Find more details about the mini projects, code reviews, and their policies here.
Exams: One midterm and a cumulative final exam covering the concepts we see in class and in the mini projects. The exams constitute 30% of the final grade.
The course emphasizes learning through practice and receiving feedback on assignments.
Time Commitment
In a typical week, students are expected to attend the three lectures and the one to two discussion sections weekly (~9 hours) and allocate ~0.5-1 hours for class pre-work. This is a coding heavy course, and students will need to allocate 6-8 hours per week on average to work on the mini projects.

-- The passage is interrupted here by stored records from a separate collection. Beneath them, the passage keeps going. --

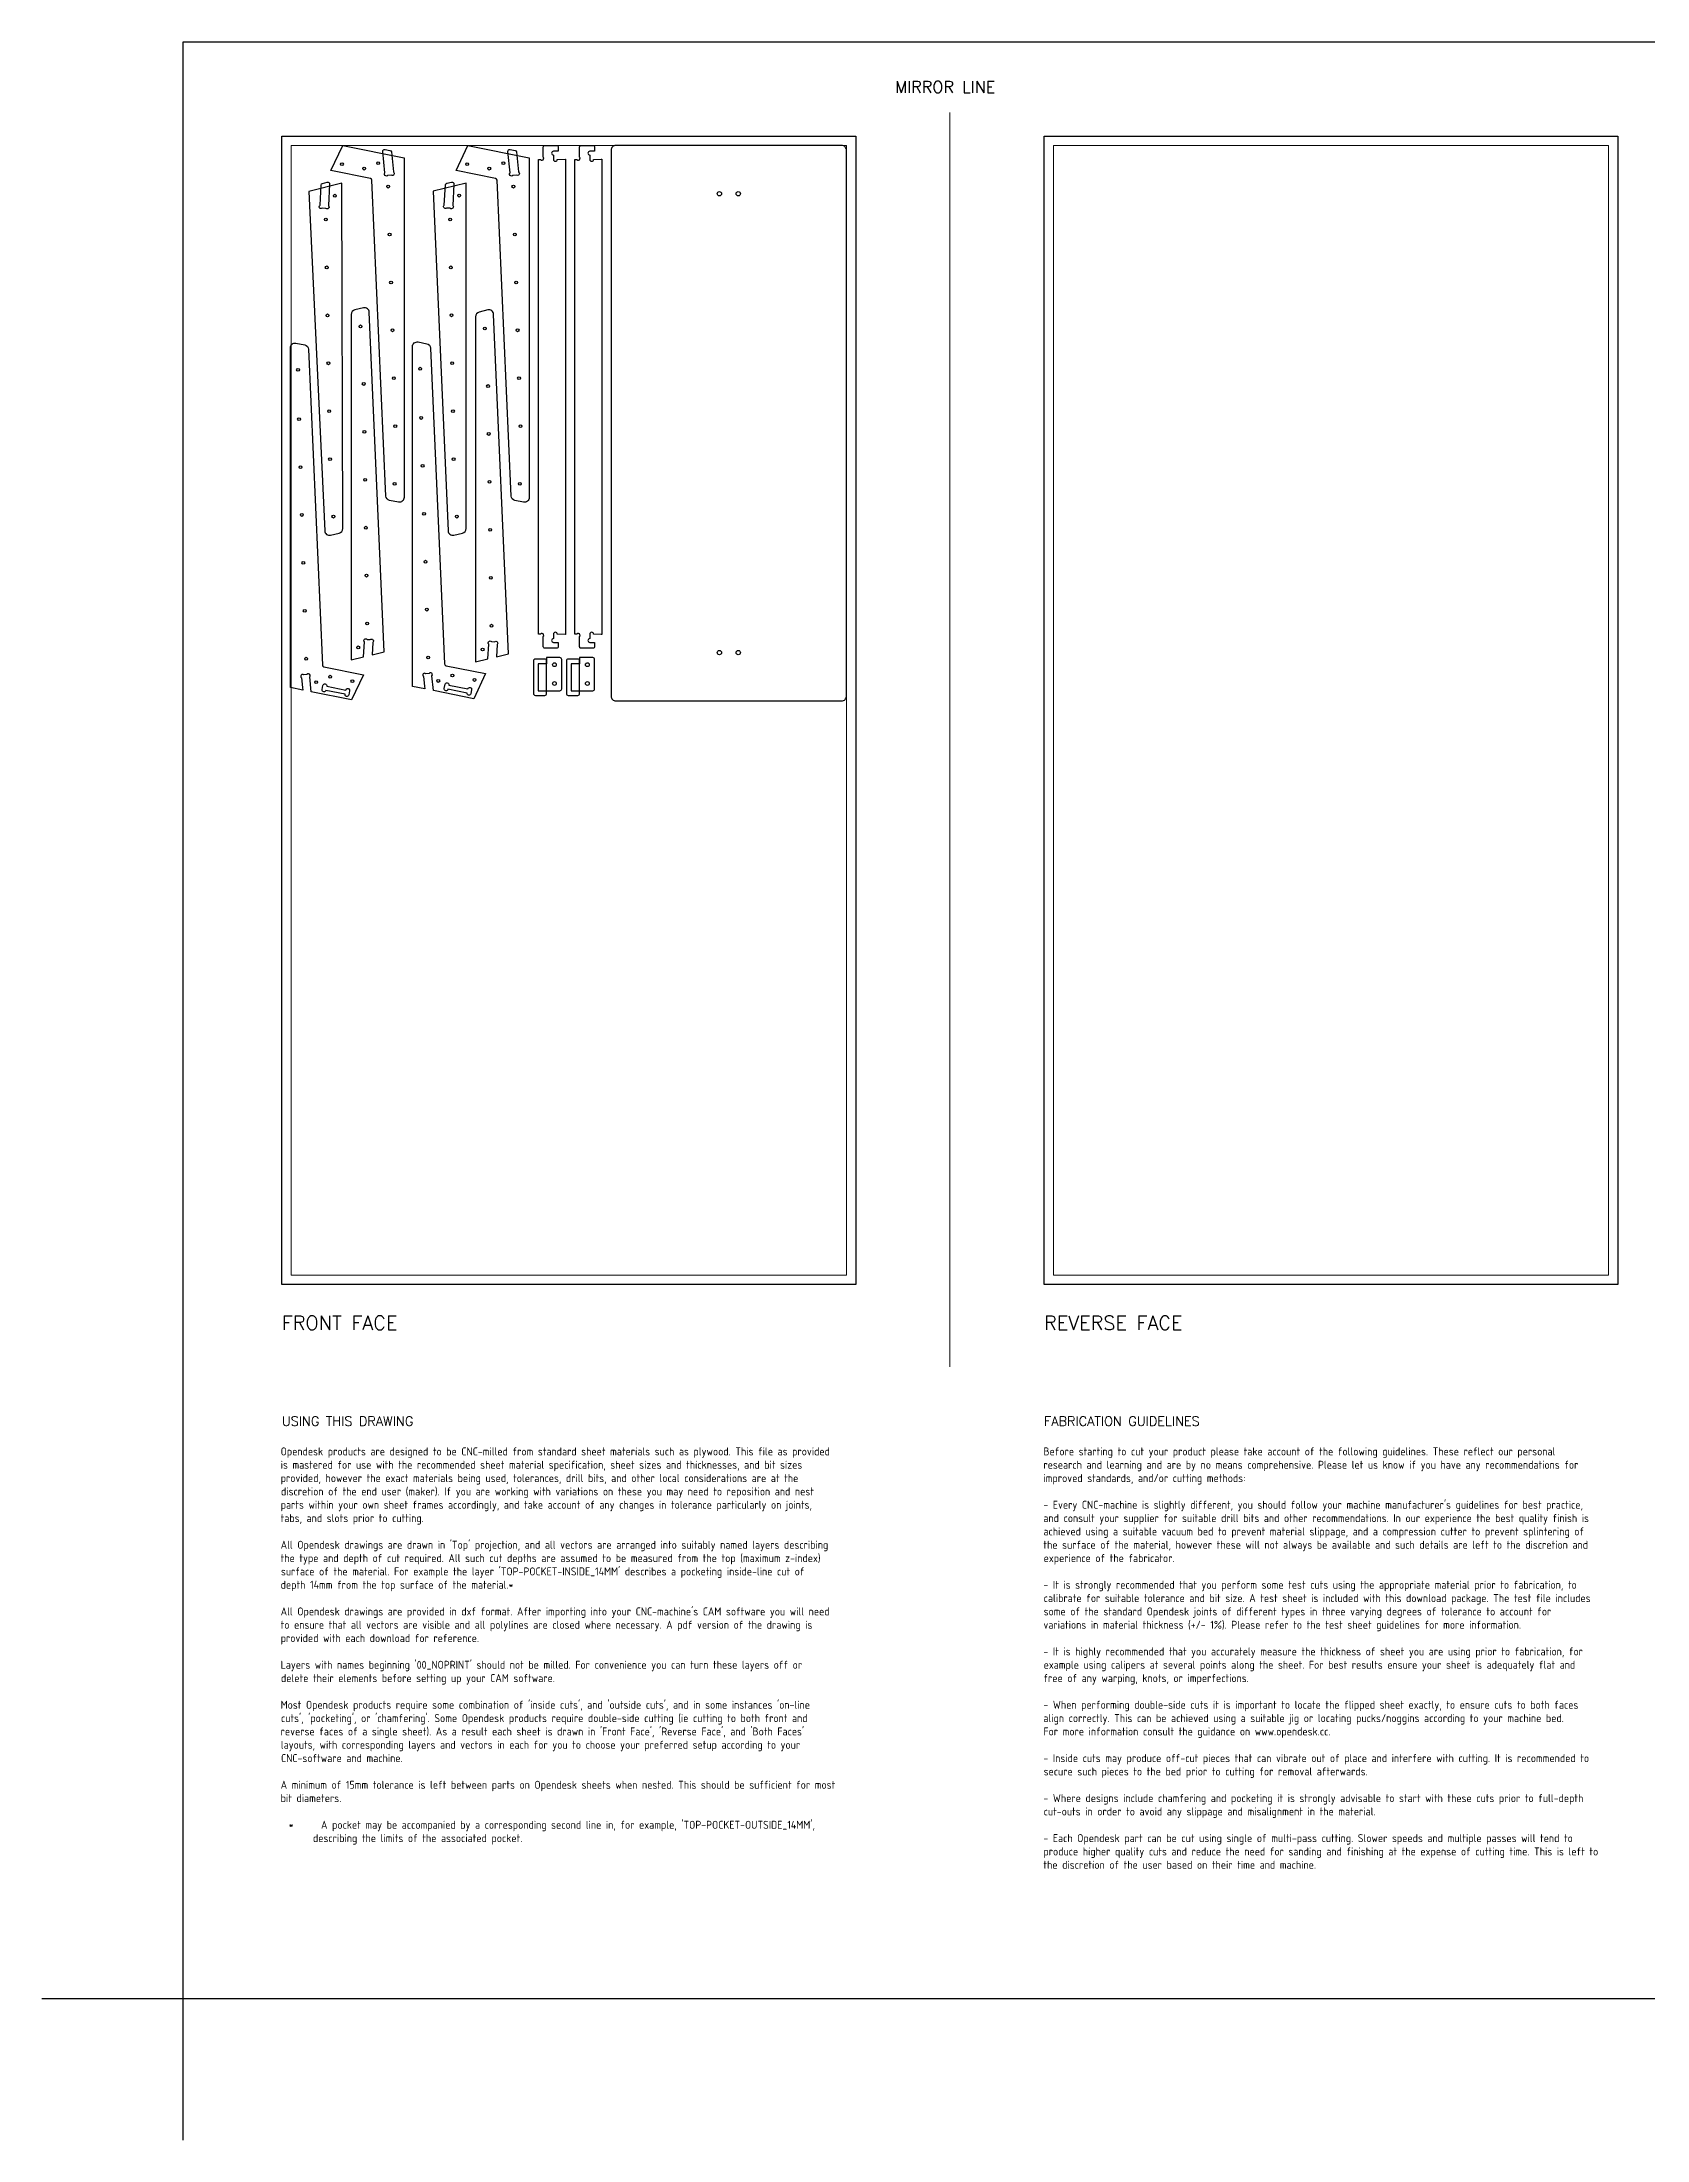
# Model space of a CAD drawing. Header units: millimetres. Extents: x -300 to 5880, y -300 to 4158.
# Drawn here: x -300 to 3112, y -300 to 4158 of the extents above; entities that cross this region are included whole.
import ezdxf
from ezdxf.enums import TextEntityAlignment as Align

# ---------------------------------------------------------------- set-up
doc = ezdxf.new("R2010")
doc.units = ezdxf.units.MM
doc.layers.add('00-NOPRINT_TEXT', color=7, linetype='Continuous', lineweight=25)
doc.layers.add('00_NOPRINT_TOLERANCE', color=7, linetype='Continuous', lineweight=5)
for name, color, linetype, lineweight, true_color in [('BOARD_$TH-NOMINAL', 3, 'Continuous', 30, 0x00ff00), ('TOP-CUT-INSIDE_18.000MM', 1, 'Continuous', 25, 0xff1c00), ('TOP-CUT-OUTSIDE_18.000MM', 220, 'Continuous', 25, 0xff00d1), ('TOP-HOLE-6.000MM-DIAM_14.000MM', 220, 'Continuous', 25, 0xff00c7), ('TOP-HOLE-8.000MM-DIAM_18.000MM', 3, 'Continuous', 25, 0x00ff0c), ('TOP-HOLE-9.000MM-DIAM_13.000MM', 190, 'Continuous', 25, 0x9500ff), ('TOP-POCKET-INSIDE_12.000MM', 140, 'Continuous', 25, 0x00b1ff), ('TOP-POCKET-INSIDE_9.000MM', 60, 'Continuous', 25, 0xb0ff00)]:
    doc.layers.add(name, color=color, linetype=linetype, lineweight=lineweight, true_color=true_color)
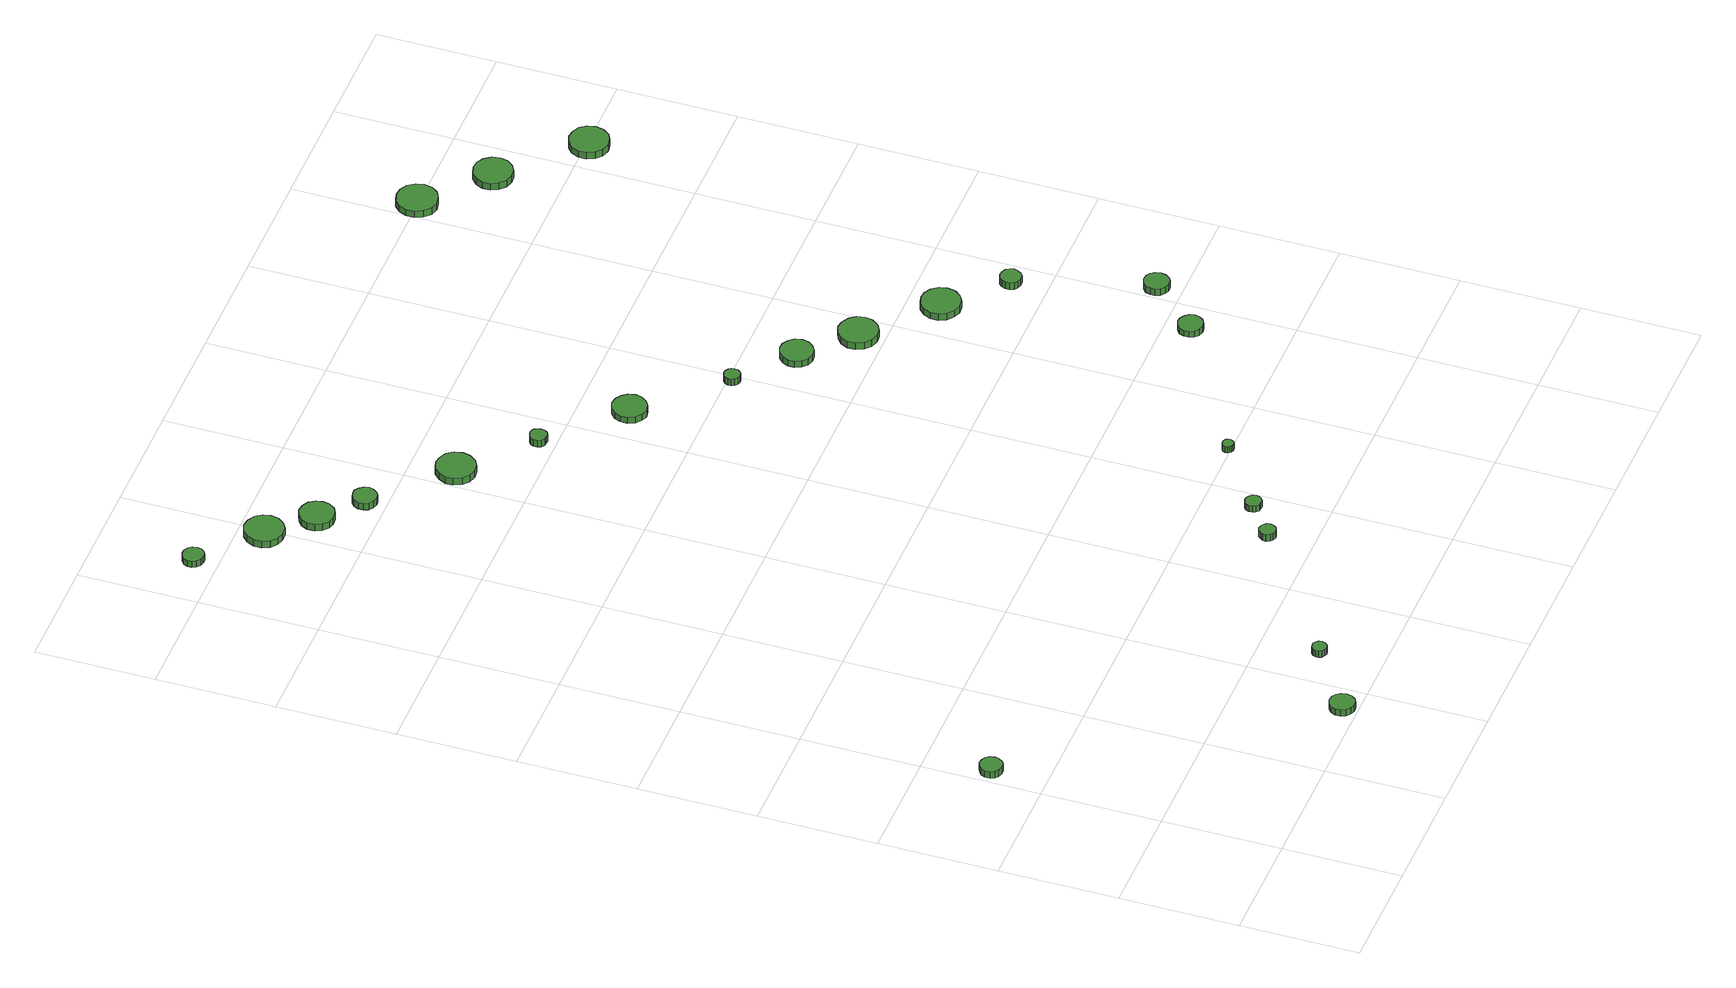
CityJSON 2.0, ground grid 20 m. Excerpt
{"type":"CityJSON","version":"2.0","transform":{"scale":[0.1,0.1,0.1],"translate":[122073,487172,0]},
"CityObjects":{
"tree1":{"type":"SolitaryVegetationObject","attributes":{"function":"something"},"geometry":[{"type":"MultiSurface","lod":"1","boundaries":[[[0,1,2,3,4,5,6,7,8,9,10,11,12,13,14]],[[15,16,17,18,19,20,21,22,23,24,25,26,27,28,29]],[[0,29,28,1]],[[1,28,27,2]],[[2,27,26,3]],[[3,26,25,4]],[[4,25,24,5]],[[5,24,23,6]],[[6,23,22,7]],[[7,22,21,8]],[[8,21,20,9]],[[9,20,19,10]],[[10,19,18,11]],[[11,18,17,12]],[[12,17,16,13]],[[13,16,15,14]],[[14,15,29,0]]]}]},
"tree2":{"type":"SolitaryVegetationObject","attributes":{"function":"something"},"geometry":[{"type":"MultiSurface","lod":"1","boundaries":[[[30,31,32,33,34,35,36,37,38,39,40,41,42,43,44]],[[45,46,47,48,49,50,51,52,53,54,55,56,57,58,59]],[[30,59,58,31]],[[31,58,57,32]],[[32,57,56,33]],[[33,56,55,34]],[[34,55,54,35]],[[35,54,53,36]],[[36,53,52,37]],[[37,52,51,38]],[[38,51,50,39]],[[39,50,49,40]],[[40,49,48,41]],[[41,48,47,42]],[[42,47,46,43]],[[43,46,45,44]],[[44,45,59,30]]]}]},
"tree3":{"type":"SolitaryVegetationObject","attributes":{"function":"something"},"geometry":[{"type":"MultiSurface","lod":"1","boundaries":[[[60,61,62,63,64,65,66,67,68,69,70,71,72,73,74]],[[75,76,77,78,79,80,81,82,83,84,85,86,87,88,89]],[[60,89,88,61]],[[61,88,87,62]],[[62,87,86,63]],[[63,86,85,64]],[[64,85,84,65]],[[65,84,83,66]],[[66,83,82,67]],[[67,82,81,68]],[[68,81,80,69]],[[69,80,79,70]],[[70,79,78,71]],[[71,78,77,72]],[[72,77,76,73]],[[73,76,75,74]],[[74,75,89,60]]]}]},
"tree4":{"type":"SolitaryVegetationObject","attributes":{"function":"something"},"geometry":[{"type":"MultiSurface","lod":"1","boundaries":[[[90,91,92,93,94,95,96,97,98,99,100,101,102,103,104]],[[105,106,107,108,109,110,111,112,113,114,115,116,117,118,119]],[[90,119,118,91]],[[91,118,117,92]],[[92,117,116,93]],[[93,116,115,94]],[[94,115,114,95]],[[95,114,113,96]],[[96,113,112,97]],[[97,112,111,98]],[[98,111,110,99]],[[99,110,109,100]],[[100,109,108,101]],[[101,108,107,102]],[[102,107,106,103]],[[103,106,105,104]],[[104,105,119,90]]]}]},
"tree5":{"type":"SolitaryVegetationObject","attributes":{"function":"something"},"geometry":[{"type":"MultiSurface","lod":"1","boundaries":[[[120,121,122,123,124,125,126,127,128,129,130,131,132,133,134]],[[135,136,137,138,139,140,141,142,143,144,145,146,147,148,149]],[[120,149,148,121]],[[121,148,147,122]],[[122,147,146,123]],[[123,146,145,124]],[[124,145,144,125]],[[125,144,143,126]],[[126,143,142,127]],[[127,142,141,128]],[[128,141,140,129]],[[129,140,139,130]],[[130,139,138,131]],[[131,138,137,132]],[[132,137,136,133]],[[133,136,135,134]],[[134,135,149,120]]]}]},
"tree6":{"type":"SolitaryVegetationObject","attributes":{"function":"something"},"geometry":[{"type":"MultiSurface","lod":"1","boundaries":[[[150,151,152,153,154,155,156,157,158,159,160,161,162,163,164]],[[165,166,167,168,169,170,171,172,173,174,175,176,177,178,179]],[[150,179,178,151]],[[151,178,177,152]],[[152,177,176,153]],[[153,176,175,154]],[[154,175,174,155]],[[155,174,173,156]],[[156,173,172,157]],[[157,172,171,158]],[[158,171,170,159]],[[159,170,169,160]],[[160,169,168,161]],[[161,168,167,162]],[[162,167,166,163]],[[163,166,165,164]],[[164,165,179,150]]]}]},
"tree7":{"type":"SolitaryVegetationObject","attributes":{"function":"something"},"geometry":[{"type":"MultiSurface","lod":"1","boundaries":[[[180,181,182,183,184,185,186,187,188,189,190,191,192,193,194]],[[195,196,197,198,199,200,201,202,203,204,205,206,207,208,209]],[[180,209,208,181]],[[181,208,207,182]],[[182,207,206,183]],[[183,206,205,184]],[[184,205,204,185]],[[185,204,203,186]],[[186,203,202,187]],[[187,202,201,188]],[[188,201,200,189]],[[189,200,199,190]],[[190,199,198,191]],[[191,198,197,192]],[[192,197,196,193]],[[193,196,195,194]],[[194,195,209,180]]]}]},
"tree8":{"type":"SolitaryVegetationObject","attributes":{"function":"something"},"geometry":[{"type":"MultiSurface","lod":"1","boundaries":[[[210,211,212,213,214,215,216,217,218,219,220,221,222,223,224]],[[225,226,227,228,229,230,231,232,233,234,235,236,237,238,239]],[[210,239,238,211]],[[211,238,237,212]],[[212,237,236,213]],[[213,236,235,214]],[[214,235,234,215]],[[215,234,233,216]],[[216,233,232,217]],[[217,232,231,218]],[[218,231,230,219]],[[219,230,229,220]],[[220,229,228,221]],[[221,228,227,222]],[[222,227,226,223]],[[223,226,225,224]],[[224,225,239,210]]]}]},
"tree9":{"type":"SolitaryVegetationObject","attributes":{"function":"something"},"geometry":[{"type":"MultiSurface","lod":"1","boundaries":[[[240,241,242,243,244,245,246,247,248,249,250,251,252,253,254]],[[255,256,257,258,259,260,261,262,263,264,265,266,267,268,269]],[[240,269,268,241]],[[241,268,267,242]],[[242,267,266,243]],[[243,266,265,244]],[[244,265,264,245]],[[245,264,263,246]],[[246,263,262,247]],[[247,262,261,248]],[[248,261,260,249]],[[249,260,259,250]],[[250,259,258,251]],[[251,258,257,252]],[[252,257,256,253]],[[253,256,255,254]],[[254,255,269,240]]]}]},
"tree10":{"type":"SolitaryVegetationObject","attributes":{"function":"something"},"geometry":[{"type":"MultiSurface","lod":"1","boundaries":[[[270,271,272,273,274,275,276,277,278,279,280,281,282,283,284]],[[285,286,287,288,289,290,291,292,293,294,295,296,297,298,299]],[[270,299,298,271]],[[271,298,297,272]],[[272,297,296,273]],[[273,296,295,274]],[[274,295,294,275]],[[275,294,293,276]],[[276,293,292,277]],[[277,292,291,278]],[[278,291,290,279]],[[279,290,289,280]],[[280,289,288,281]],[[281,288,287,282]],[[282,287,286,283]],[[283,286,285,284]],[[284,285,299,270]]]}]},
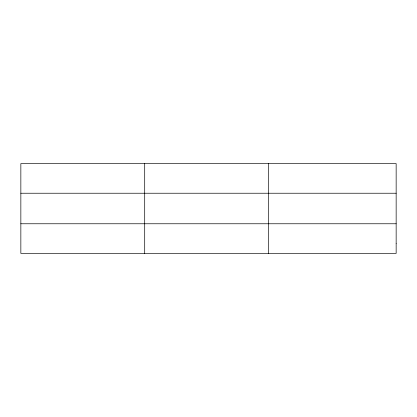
<?xml version="1.0" encoding="UTF-8"?>
<svg xmlns="http://www.w3.org/2000/svg" width="417" height="417" viewBox="0 0 417 417"><rect width="100%" height="100%" fill="white"/><g stroke="black" fill="none" stroke-linecap="round" stroke-linejoin="round"><path stroke-width="0.63" d="M144.699 163.6L144.699 253.4M268.548 163.6L268.548 253.4M20.85 193.233L396.15 193.233M20.85 223.767L396.15 223.767M396.15 243.523L396.15 253.4L20.85 253.4L20.85 163.6L396.15 163.6L396.15 243.523"/></g></svg>

The best way to practice for the exams is by doing the mini projects and engaging in the lecture pre-work and in-class activities. However, we will adjust the assigned workload during the week of the midterm and final to allow students some time to review the lecture notes and material, if they so wish.
In total, we expect students to allocate 16-20 hours per week to DS 210 between attending lectures, discussion, and projects.
This is a programming heavy course that pushes students to practice and improve their programming skills. We believe this is crucial to students’ careers, growth, and job prospects. In return, the teaching staff commits to dedicating themselves to helping the students in and outside of class, and providing them with feedback, resources, and guidance to ensure they succeed.
We are on your side as you battle programming, computers, and the Rust compiler.